Schmerz, bring mich zum Lachen! Ist die Schadenfreude in Kindergeschichten pädagogisch wertvoll?

Gerade in Zeiten von geschlossenen Schulen und Kitas sind die Eltern verstärkt gefordert, ihren Kindern Unterhaltung zu bieten und greifen ins heimische Bücherregal, wo noch Klassiker aus alten Tagen schlummern. Dort begegnen uns der Struwwelpeter und seine Leidensgenossen Daumenlutscher und Suppenkaspar. Die bösen Buben Max und Moritz dürfen auch nicht fehlen. In diesen Klassikern der Kinderliteratur ist der Schmerz ein zentrales Motiv. Aber ist solche Quälerei pädagogisch wertvoll und darf man sie heutigen Kindern überhaupt noch zumuten?

Aktuell ist eine Fortsetzung des Heinrich Hoffmann’schen Klassikers aus dem Jahr 1845 erschienen: „Struwwelpeter – Die Abrechnung.

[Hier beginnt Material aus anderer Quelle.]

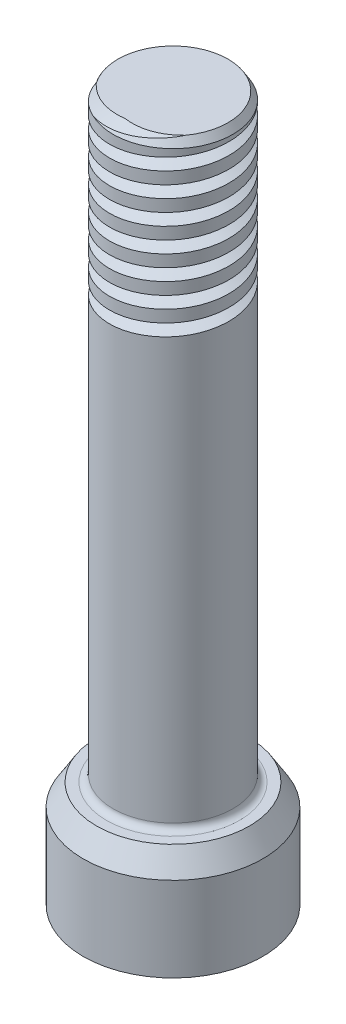
from build123d import *

# Parameters (mm, degrees)
CUT_SWEEP1_PITCH   = 1.27000254
CUT_EXTRUDE1_DEPTH = 3.048006096
FILLET1_R          = 0.355600711
FILLET2_R          = 0.396875794
CHAMFER3_SIZE      = 0.127


with BuildPart() as part:
    # Sketch1 → Revolve1 (revolve)
    with BuildSketch(Plane.XY, mode=Mode.PRIVATE) as revolve1_sk:
        Polygon((0, 0), (0, 38.1000762), (3.17500635, 38.1000762), (3.17500635, 6.3500127), (4.762509525, 6.3500127), (4.762509525, 0), align=None)
    revolve(revolve1_sk.sketch.rotate(Axis((0, 0, 0), (0, 1, 0)), 90), axis=Axis((0, 0, 0), (0, 1, 0)))

    # Cut-Sweep1: arcs per turn and ends read off the stored shape
    # Cut-Sweep1: the profile of Sketch3 profile screwed along a right-hand helix through 8.499986 turns, 8 arcs to a turn; built about Z, then put on its axis
    cut_sweep1_z = Axis((0, 0, 0), (0, 0, 1))
    cut_sweep1_corners = [(3.17530635, 0, -0.952351905), (3.17530635, 0, -1.587653175), (2.54000508, 0, -1.27000254)]
    with BuildLine(mode=Mode.PRIVATE) as cut_sweep1_profile:
        Line(cut_sweep1_corners[0], cut_sweep1_corners[1])
        Line(cut_sweep1_corners[1], cut_sweep1_corners[2])
        Line(cut_sweep1_corners[2], cut_sweep1_corners[0])
    cut_sweep1_cap = Face(cut_sweep1_profile.wire())
    cut_sweep1_turn_angles = [0, 22.5, 45, 67.5, 90, 112.5, 135, 157.5, 180, 202.5, 225, 247.5, 270, 292.5, 315, 337.5, 360]
    cut_sweep1_turn_weights = [1, 0.9238795325112867, 1, 0.9238795325112867, 1, 0.9238795325112867, 1, 0.9238795325112867, 1, 0.9238795325112867, 1, 0.9238795325112867, 1, 0.9238795325112867, 1, 0.9238795325112867, 1]
    cut_sweep1_turn_rails = [Edge.make_bspline([Vector(p[0], p[1], 0).rotate(cut_sweep1_z, cut_sweep1_turn_angles[k]) / cut_sweep1_turn_weights[k] + Vector(0, 0, p[2] + CUT_SWEEP1_PITCH * cut_sweep1_turn_angles[k] / 360) for k in range(17)], [0, 0, 0, 1, 1, 2, 2, 3, 3, 4, 4, 5, 5, 6, 6, 7, 7, 8, 8, 8], 2, cut_sweep1_turn_weights) for p in cut_sweep1_corners]
    cut_sweep1_turn_sides = [Face.make_surface_from_curves(cut_sweep1_turn_rails[p[0]], cut_sweep1_turn_rails[p[1]]) for p in [(0, 1), (1, 2), (2, 0)]]
    cut_sweep1_last_angles = [2880, 2902.5, 2925, 2947.5, 2970, 2992.5, 3015, 3037.4975, 3059.995]
    cut_sweep1_last_weights = [1, 0.9238795325112867, 1, 0.9238795325112867, 1, 0.9238795325112867, 1, 0.9238962293465327, 1]
    cut_sweep1_last_rails = [Edge.make_bspline([Vector(p[0], p[1], 0).rotate(cut_sweep1_z, cut_sweep1_last_angles[k]) / cut_sweep1_last_weights[k] + Vector(0, 0, p[2] + CUT_SWEEP1_PITCH * cut_sweep1_last_angles[k] / 360) for k in range(9)], [0, 0, 0, 1, 1, 2, 2, 3, 3, 4, 4, 4], 2, cut_sweep1_last_weights) for p in cut_sweep1_corners]
    cut_sweep1_last_sides = [Face.make_surface_from_curves(cut_sweep1_last_rails[p[0]], cut_sweep1_last_rails[p[1]]) for p in [(0, 1), (1, 2), (2, 0)]]
    cut_sweep1 = Plane(origin=(0, 38.1000762, 0), x_dir=(0, 0, 1), z_dir=(0, -1, 0)) * Solid(Shell([*[p.moved(Location((0, 0, CUT_SWEEP1_PITCH * i))) for i in range(8) for p in cut_sweep1_turn_sides], *cut_sweep1_last_sides, cut_sweep1_cap, cut_sweep1_cap.rotate(cut_sweep1_z, 3059.995).moved(Location((0, 0, CUT_SWEEP1_PITCH * 3059.995 / 360)))]))
    add(cut_sweep1, mode=Mode.SUBTRACT)

    # Sketch4 → Cut-Extrude1 (cut)
    with BuildSketch(Plane(origin=(0, 0, 0), x_dir=(1, 0, 0), z_dir=(0, 1, 0))):
        Polygon((0, 2.756968519), (-2.387604775, 1.37848426), (-2.387604775, -1.37848426), (0, -2.756968519), (2.387604775, -1.37848426), (2.387604775, 1.37848426), align=None)
    extrude(amount=CUT_EXTRUDE1_DEPTH, mode=Mode.SUBTRACT)

    # Fillet1
    fillet1_edges = [part.edges().sort_by_distance(p)[0] for p in [
        (0, 6.3500127, 3.17500635),
    ]]
    fillet(fillet1_edges, radius=FILLET1_R)

    # Fillet2
    fillet2_edges = [part.edges().sort_by_distance(p)[0] for p in [
        (2.387604775, 1.524003048, -1.37848426),
        (0, 1.524003048, -2.756968519),
        (-2.387604775, 1.524003048, -1.37848426),
        (-2.387604775, 1.524003048, 1.37848426),
        (0, 1.524003048, 2.756968519),
        (2.387604775, 1.524003048, 1.37848426),
        (1.193802388, 3.048006096, -2.06772639),
        (-1.193802388, 3.048006096, -2.06772639),
        (-2.387604775, 3.048006096, 0),
        (-1.193802388, 3.048006096, 2.06772639),
        (1.193802388, 3.048006096, 2.06772639),
        (2.387604775, 3.048006096, 0),
    ]]
    fillet(fillet2_edges, radius=FILLET2_R)

    # Chamfer1: read off the stored shape, not the designer's step
    # Chamfer1 outline → Chamfer1 (revolve, cut)
    with BuildSketch(Plane.XY):
        Polygon((3.17500635, 38.1000762), (2.921005842, 38.1000762), (3.17500635, 37.688652479), align=None)
    revolve(axis=Axis((0, 0, 0), (0, 1, 0)), mode=Mode.SUBTRACT)

    # Chamfer2: read off the stored shape, not the designer's step
    # Chamfer2 outline → Chamfer2 (revolve, cut)
    with BuildSketch(Plane.XY):
        Polygon((3.610523106, 0), (4.762509525, 0), (4.762509525, 0.711201422), align=None)
        Polygon((4.051308103, 6.3500127), (4.762509525, 5.198026281), (4.762509525, 6.3500127), align=None)
    revolve(axis=Axis((0, 0, 0), (0, 1, 0)), mode=Mode.SUBTRACT)

    # Chamfer3
    chamfer3_edges = [part.edges().sort_by_distance(p)[0] for p in [
        (1.193802388, 0, -2.06772639),
        (-1.193802388, 0, -2.06772639),
        (-2.387604775, 0, 0),
        (-1.193802388, 0, 2.06772639),
        (1.193802388, 0, 2.06772639),
        (2.387604775, 0, 0),
        (2.334433501, 0, -1.34778581),
        (2.334433501, 0, 1.34778581),
        (0, 0, 2.69557162),
        (-2.334433501, 0, 1.34778581),
        (-2.334433501, 0, -1.34778581),
        (0, 0, -2.69557162),
    ]]
    chamfer(chamfer3_edges, length=CHAMFER3_SIZE)


solid = part.part

Das Kinderbuch für Erwachsene“ von den Brüdern Niklas und Johannes Kizler.

Was gibt es 175 Jahre nach Erscheinen des illustrierten Originals Neues zu entdecken? Mit moderner Sichtweise statten die Autoren die Kinderfiguren mit Hintergrundgeschichten aus – ihre Unglücksgeschichten sind nach Kizlers Deutung die Quittung für das Versagen der Eltern. So lässt sich der pubertierende Struwwelpeter seine Haare und Fingernägel als Ausdruck seiner Individualität wild wachsen und rebelliert damit gegen seine streng konformen Eltern.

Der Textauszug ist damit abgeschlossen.